(Data items)

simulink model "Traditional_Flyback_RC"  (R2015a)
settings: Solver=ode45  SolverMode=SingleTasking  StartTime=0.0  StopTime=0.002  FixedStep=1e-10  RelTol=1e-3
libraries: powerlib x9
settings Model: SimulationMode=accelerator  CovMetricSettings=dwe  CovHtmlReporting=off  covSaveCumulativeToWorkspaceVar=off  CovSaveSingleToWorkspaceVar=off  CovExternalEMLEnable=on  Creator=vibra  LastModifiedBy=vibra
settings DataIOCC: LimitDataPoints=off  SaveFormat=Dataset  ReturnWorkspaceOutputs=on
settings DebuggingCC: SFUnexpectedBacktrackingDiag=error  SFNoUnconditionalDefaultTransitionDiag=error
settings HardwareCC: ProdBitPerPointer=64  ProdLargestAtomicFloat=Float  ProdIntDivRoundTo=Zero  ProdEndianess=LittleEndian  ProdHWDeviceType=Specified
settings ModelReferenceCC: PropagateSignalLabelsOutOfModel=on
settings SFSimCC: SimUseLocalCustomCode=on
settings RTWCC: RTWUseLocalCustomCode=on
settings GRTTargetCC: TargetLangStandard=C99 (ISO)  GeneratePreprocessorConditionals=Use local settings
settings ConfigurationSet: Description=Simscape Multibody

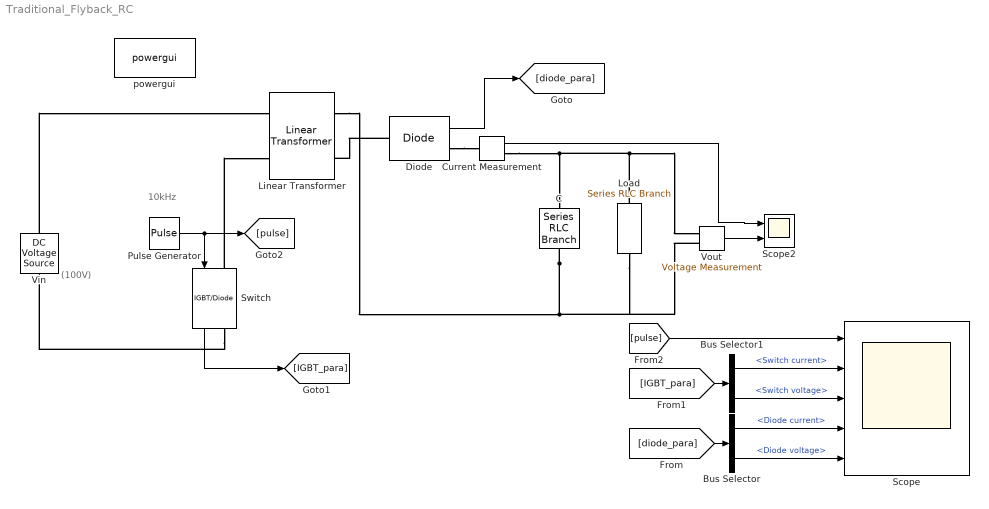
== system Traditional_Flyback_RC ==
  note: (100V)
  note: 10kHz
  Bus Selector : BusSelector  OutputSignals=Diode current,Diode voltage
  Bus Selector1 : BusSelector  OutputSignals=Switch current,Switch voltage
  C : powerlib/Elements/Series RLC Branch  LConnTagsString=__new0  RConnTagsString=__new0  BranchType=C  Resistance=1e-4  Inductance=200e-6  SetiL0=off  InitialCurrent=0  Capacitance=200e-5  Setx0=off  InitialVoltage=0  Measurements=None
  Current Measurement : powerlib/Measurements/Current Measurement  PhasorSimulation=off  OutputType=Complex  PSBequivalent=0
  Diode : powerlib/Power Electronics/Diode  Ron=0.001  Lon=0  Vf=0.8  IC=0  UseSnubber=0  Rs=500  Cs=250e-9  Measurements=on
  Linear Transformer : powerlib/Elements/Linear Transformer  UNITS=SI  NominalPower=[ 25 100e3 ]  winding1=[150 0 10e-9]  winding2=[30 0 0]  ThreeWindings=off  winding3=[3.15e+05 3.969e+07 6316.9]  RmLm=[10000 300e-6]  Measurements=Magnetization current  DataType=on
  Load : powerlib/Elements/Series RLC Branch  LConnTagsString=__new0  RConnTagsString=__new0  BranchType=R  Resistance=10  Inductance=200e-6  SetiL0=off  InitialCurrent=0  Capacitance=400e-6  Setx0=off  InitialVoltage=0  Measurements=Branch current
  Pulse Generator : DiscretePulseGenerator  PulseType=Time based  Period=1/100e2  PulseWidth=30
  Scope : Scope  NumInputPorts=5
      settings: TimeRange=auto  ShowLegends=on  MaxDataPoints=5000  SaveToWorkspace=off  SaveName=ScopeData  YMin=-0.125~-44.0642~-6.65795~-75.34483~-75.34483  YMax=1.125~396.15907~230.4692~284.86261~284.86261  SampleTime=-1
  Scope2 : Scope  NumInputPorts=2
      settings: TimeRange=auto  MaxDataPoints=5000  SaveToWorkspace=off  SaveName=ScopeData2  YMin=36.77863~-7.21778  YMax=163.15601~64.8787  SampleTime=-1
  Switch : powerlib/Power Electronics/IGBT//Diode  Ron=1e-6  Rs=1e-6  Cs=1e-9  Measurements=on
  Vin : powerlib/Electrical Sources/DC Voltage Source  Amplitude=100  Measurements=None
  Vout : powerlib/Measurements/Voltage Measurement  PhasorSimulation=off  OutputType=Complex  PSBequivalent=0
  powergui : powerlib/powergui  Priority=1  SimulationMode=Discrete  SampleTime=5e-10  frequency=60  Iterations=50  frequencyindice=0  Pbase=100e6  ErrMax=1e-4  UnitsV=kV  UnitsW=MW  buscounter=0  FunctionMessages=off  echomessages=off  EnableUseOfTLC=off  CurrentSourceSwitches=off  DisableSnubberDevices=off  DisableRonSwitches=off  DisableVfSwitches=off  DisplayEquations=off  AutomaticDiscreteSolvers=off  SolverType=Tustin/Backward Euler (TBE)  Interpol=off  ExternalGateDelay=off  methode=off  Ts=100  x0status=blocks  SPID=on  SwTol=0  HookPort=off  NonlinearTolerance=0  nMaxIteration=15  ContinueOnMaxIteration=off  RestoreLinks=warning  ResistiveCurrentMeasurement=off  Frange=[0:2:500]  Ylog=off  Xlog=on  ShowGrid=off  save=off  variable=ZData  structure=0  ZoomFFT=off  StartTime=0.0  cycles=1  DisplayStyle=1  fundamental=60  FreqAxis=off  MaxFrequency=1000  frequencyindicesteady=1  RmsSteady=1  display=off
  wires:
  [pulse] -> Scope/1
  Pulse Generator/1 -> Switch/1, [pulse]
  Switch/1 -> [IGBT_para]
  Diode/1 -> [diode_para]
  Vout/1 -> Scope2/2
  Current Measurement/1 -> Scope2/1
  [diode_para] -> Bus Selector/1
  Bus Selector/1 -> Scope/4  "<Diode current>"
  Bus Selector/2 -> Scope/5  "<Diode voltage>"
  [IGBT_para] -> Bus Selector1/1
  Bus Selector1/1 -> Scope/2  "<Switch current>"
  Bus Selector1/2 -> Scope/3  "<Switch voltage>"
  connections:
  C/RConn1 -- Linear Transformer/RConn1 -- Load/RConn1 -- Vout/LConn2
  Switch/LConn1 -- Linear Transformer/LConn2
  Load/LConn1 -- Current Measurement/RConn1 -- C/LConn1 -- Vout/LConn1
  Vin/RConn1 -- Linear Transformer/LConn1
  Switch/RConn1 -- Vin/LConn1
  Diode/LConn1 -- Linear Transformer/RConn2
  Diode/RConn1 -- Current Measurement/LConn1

* **EXERCISE INSTRUCTIONS**
Transcribe the data completely. No pictures should appear in the transcription.

* **THE ANSWER**
simulink model "Traditional_Flyback_RC"  (R2015a)
settings: Solver=ode45  SolverMode=SingleTasking  StartTime=0.0  StopTime=0.002  FixedStep=1e-10  RelTol=1e-3
libraries: powerlib x9
settings Model: SimulationMode=accelerator  CovMetricSettings=dwe  CovHtmlReporting=off  covSaveCumulativeToWorkspaceVar=off  CovSaveSingleToWorkspaceVar=off  CovExternalEMLEnable=on  Creator=vibra  LastModifiedBy=vibra
settings DataIOCC: LimitDataPoints=off  SaveFormat=Dataset  ReturnWorkspaceOutputs=on
settings DebuggingCC: SFUnexpectedBacktrackingDiag=error  SFNoUnconditionalDefaultTransitionDiag=error
settings HardwareCC: ProdBitPerPointer=64  ProdLargestAtomicFloat=Float  ProdIntDivRoundTo=Zero  ProdEndianess=LittleEndian  ProdHWDeviceType=Specified
settings ModelReferenceCC: PropagateSignalLabelsOutOfModel=on
settings SFSimCC: SimUseLocalCustomCode=on
settings RTWCC: RTWUseLocalCustomCode=on
settings GRTTargetCC: TargetLangStandard=C99 (ISO)  GeneratePreprocessorConditionals=Use local settings
settings ConfigurationSet: Description=Simscape Multibody

== system Traditional_Flyback_RC ==
  note: (100V)
  note: 10kHz
  Bus Selector : BusSelector  OutputSignals=Diode current,Diode voltage
  Bus Selector1 : BusSelector  OutputSignals=Switch current,Switch voltage
  C : powerlib/Elements/Series RLC Branch  LConnTagsString=__new0  RConnTagsString=__new0  BranchType=C  Resistance=1e-4  Inductance=200e-6  SetiL0=off  InitialCurrent=0  Capacitance=200e-5  Setx0=off  InitialVoltage=0  Measurements=None
  Current Measurement : powerlib/Measurements/Current Measurement  PhasorSimulation=off  OutputType=Complex  PSBequivalent=0
  Diode : powerlib/Power Electronics/Diode  Ron=0.001  Lon=0  Vf=0.8  IC=0  UseSnubber=0  Rs=500  Cs=250e-9  Measurements=on
  Linear Transformer : powerlib/Elements/Linear Transformer  UNITS=SI  NominalPower=[ 25 100e3 ]  winding1=[150 0 10e-9]  winding2=[30 0 0]  ThreeWindings=off  winding3=[3.15e+05 3.969e+07 6316.9]  RmLm=[10000 300e-6]  Measurements=Magnetization current  DataType=on
  Load : powerlib/Elements/Series RLC Branch  LConnTagsString=__new0  RConnTagsString=__new0  BranchType=R  Resistance=10  Inductance=200e-6  SetiL0=off  InitialCurrent=0  Capacitance=400e-6  Setx0=off  InitialVoltage=0  Measurements=Branch current
  Pulse Generator : DiscretePulseGenerator  PulseType=Time based  Period=1/100e2  PulseWidth=30
  Scope : Scope  NumInputPorts=5
      settings: TimeRange=auto  ShowLegends=on  MaxDataPoints=5000  SaveToWorkspace=off  SaveName=ScopeData  YMin=-0.125~-44.0642~-6.65795~-75.34483~-75.34483  YMax=1.125~396.15907~230.4692~284.86261~284.86261  SampleTime=-1
  Scope2 : Scope  NumInputPorts=2
      settings: TimeRange=auto  MaxDataPoints=5000  SaveToWorkspace=off  SaveName=ScopeData2  YMin=36.77863~-7.21778  YMax=163.15601~64.8787  SampleTime=-1
  Switch : powerlib/Power Electronics/IGBT//Diode  Ron=1e-6  Rs=1e-6  Cs=1e-9  Measurements=on
  Vin : powerlib/Electrical Sources/DC Voltage Source  Amplitude=100  Measurements=None
  Vout : powerlib/Measurements/Voltage Measurement  PhasorSimulation=off  OutputType=Complex  PSBequivalent=0
  powergui : powerlib/powergui  Priority=1  SimulationMode=Discrete  SampleTime=5e-10  frequency=60  Iterations=50  frequencyindice=0  Pbase=100e6  ErrMax=1e-4  UnitsV=kV  UnitsW=MW  buscounter=0  FunctionMessages=off  echomessages=off  EnableUseOfTLC=off  CurrentSourceSwitches=off  DisableSnubberDevices=off  DisableRonSwitches=off  DisableVfSwitches=off  DisplayEquations=off  AutomaticDiscreteSolvers=off  SolverType=Tustin/Backward Euler (TBE)  Interpol=off  ExternalGateDelay=off  methode=off  Ts=100  x0status=blocks  SPID=on  SwTol=0  HookPort=off  NonlinearTolerance=0  nMaxIteration=15  ContinueOnMaxIteration=off  RestoreLinks=warning  ResistiveCurrentMeasurement=off  Frange=[0:2:500]  Ylog=off  Xlog=on  ShowGrid=off  save=off  variable=ZData  structure=0  ZoomFFT=off  StartTime=0.0  cycles=1  DisplayStyle=1  fundamental=60  FreqAxis=off  MaxFrequency=1000  frequencyindicesteady=1  RmsSteady=1  display=off
  wires:
  [pulse] -> Scope/1
  Pulse Generator/1 -> Switch/1, [pulse]
  Switch/1 -> [IGBT_para]
  Diode/1 -> [diode_para]
  Vout/1 -> Scope2/2
  Current Measurement/1 -> Scope2/1
  [diode_para] -> Bus Selector/1
  Bus Selector/1 -> Scope/4  "<Diode current>"
  Bus Selector/2 -> Scope/5  "<Diode voltage>"
  [IGBT_para] -> Bus Selector1/1
  Bus Selector1/1 -> Scope/2  "<Switch current>"
  Bus Selector1/2 -> Scope/3  "<Switch voltage>"
  connections:
  C/RConn1 -- Linear Transformer/RConn1 -- Load/RConn1 -- Vout/LConn2
  Switch/LConn1 -- Linear Transformer/LConn2
  Load/LConn1 -- Current Measurement/RConn1 -- C/LConn1 -- Vout/LConn1
  Vin/RConn1 -- Linear Transformer/LConn1
  Switch/RConn1 -- Vin/LConn1
  Diode/LConn1 -- Linear Transformer/RConn2
  Diode/RConn1 -- Current Measurement/LConn1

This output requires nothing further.